Sustainable trade lobby Fairtrade International says it helped farmers around earn Sh6 billion more during the Covid-19 pandemic in 2020.

Representing more than one million farmers across 28 countries in Africa and the Middle East, Fairtrade advocates for better prices, decent working conditions, local sustainability and fair terms of trade for farmers around the world with a focus on lower income countries.

“Our 627 producer organisations received €49.8 million (Sh6.1 billion) in Fairtrade premium in 2020 further broken down into 55 per cent earned by cocoa producers, 14 per cent by flower producers, nine per cent by coffee producers and six per cent by banana producers,” said Fairtrade in the ‘State of Farmer and Workers Trends and Impact, Globally and in Africa’ report for June 2022.

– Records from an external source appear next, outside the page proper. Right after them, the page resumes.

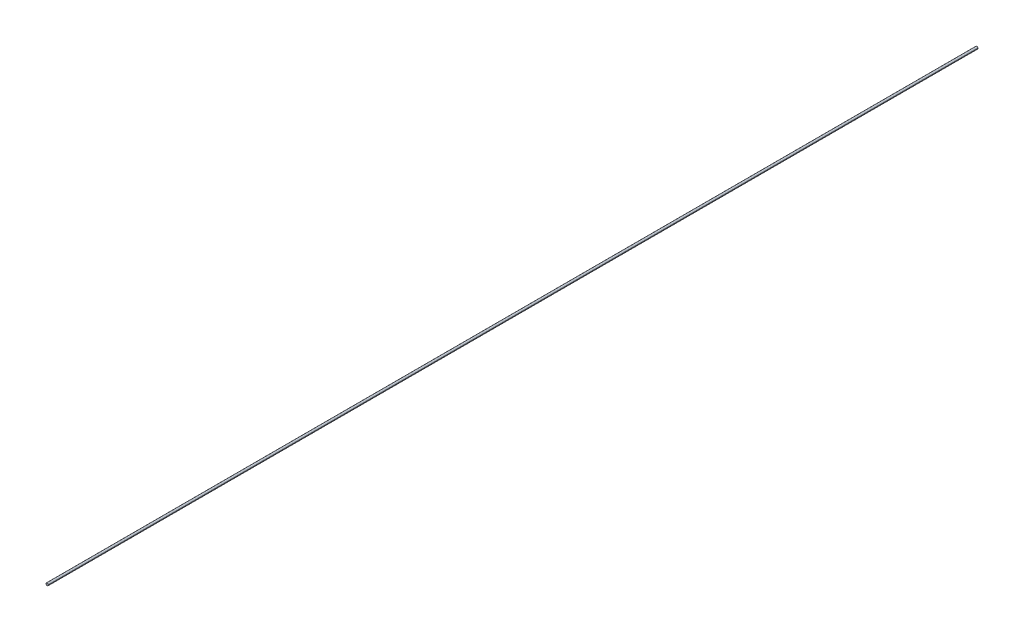
SolidWorks part; units mm, degrees
ref_plane "Alzado" through (0, 0, 0) normal (0, 0, 1) x (1, 0, 0)
ref_plane "Planta" through (0, 0, 0) normal (0, 1, 0) x (1, 0, 0)
ref_plane "Vista lateral" through (0, 0, 0) normal (1, 0, 0) x (0, 0, -1)
sketch "Croquis1" plane through (0, 0, 0) normal (0, 0, 1) x (1, 0, 0)
  circle A0 centre (0, 0) radius 19.05
  dimension "D1" = 38.1
extrude "Saliente-Extruir1" add sketch "Croquis1" along normal blind 15000
sketch "Croquis2" plane through (0, 0, 0) normal (0, 0, -1) x (-1, 0, 0)
  line L1 (-19.3461, -0.2761) -> (-18.7539, -0.2761)
  line L2 (-19.3461, -0.2761) -> (-19.3461, 0.2761)
  line L3 (-19.3461, 0.2761) -> (-18.7539, 0.2761)
  line L4 (-18.7539, -0.2761) -> (-18.7539, 0.2761)
  line L5 (-19.3461, -0.2761) -> (-18.7539, 0.2761) construction
  line L6 (-19.3461, 0.2761) -> (-18.7539, -0.2761) construction
  circle A0 centre (0, 0) radius 19.05 construction
  point P0 (-19.05, 0)
extrude "Saliente-Extruir2" add sketch "Croquis2" against normal up to surface (15000 mm away) up to face at (19.05, 0, 15000)
sketch "Croquis3" plane through (0, 0, 0) normal (0, 0, -1) x (-1, 0, 0)
  line L1 (18.7824, -0.2761) -> (19.3176, -0.2761)
  line L2 (18.7824, -0.2761) -> (18.7824, 0.2761)
  line L3 (18.7824, 0.2761) -> (19.3176, 0.2761)
  line L4 (19.3176, -0.2761) -> (19.3176, 0.2761)
  line L5 (18.7824, -0.2761) -> (19.3176, 0.2761) construction
  line L6 (18.7824, 0.2761) -> (19.3176, -0.2761) construction
  arc A0 (-19.048, -0.2761) -> (-19.048, 0.2761) centre (0, 0) ccw construction
  point P0 (19.05, 0)
extrude "Saliente-Extruir3" add sketch "Croquis3" against normal up to surface (15000 mm away) up to face at (9.6726, 0, 15000)

Another four per cent was earned by tea producers, three per cent by sugar producers and three per cent by grape producers.

By requiring companies to pay sustainable prices (which must not fall lower than the market price), Fairtrade attempts to address the injustices of conventional trade, which traditionally discriminates against producers from low-income countries.

The lobby works with small-scale producer organisations across the globe including farming cooperatives to champion standards that contribute to environmental sustainability.

The Faitrade base wage is set at a minimum of 70 per cent of the take-home pay needed for a living wage which has been established by the Global Living Wage Coalition applying in more than 30 countries.

In a recent panel conversation convened under the Fairtrade International General Assembly in Nairobi, Fairtrade Global CEO Sandra Uwera said the lobby was committed to leveraging people and organisation engagement to expand impact.

“Faitrade is an enabler to farmers and workers in developing countries to secure better livelihoods through tackling the injustices of the global value chain. Farmers and workers are embedded in all levels of our governance and decision-making.”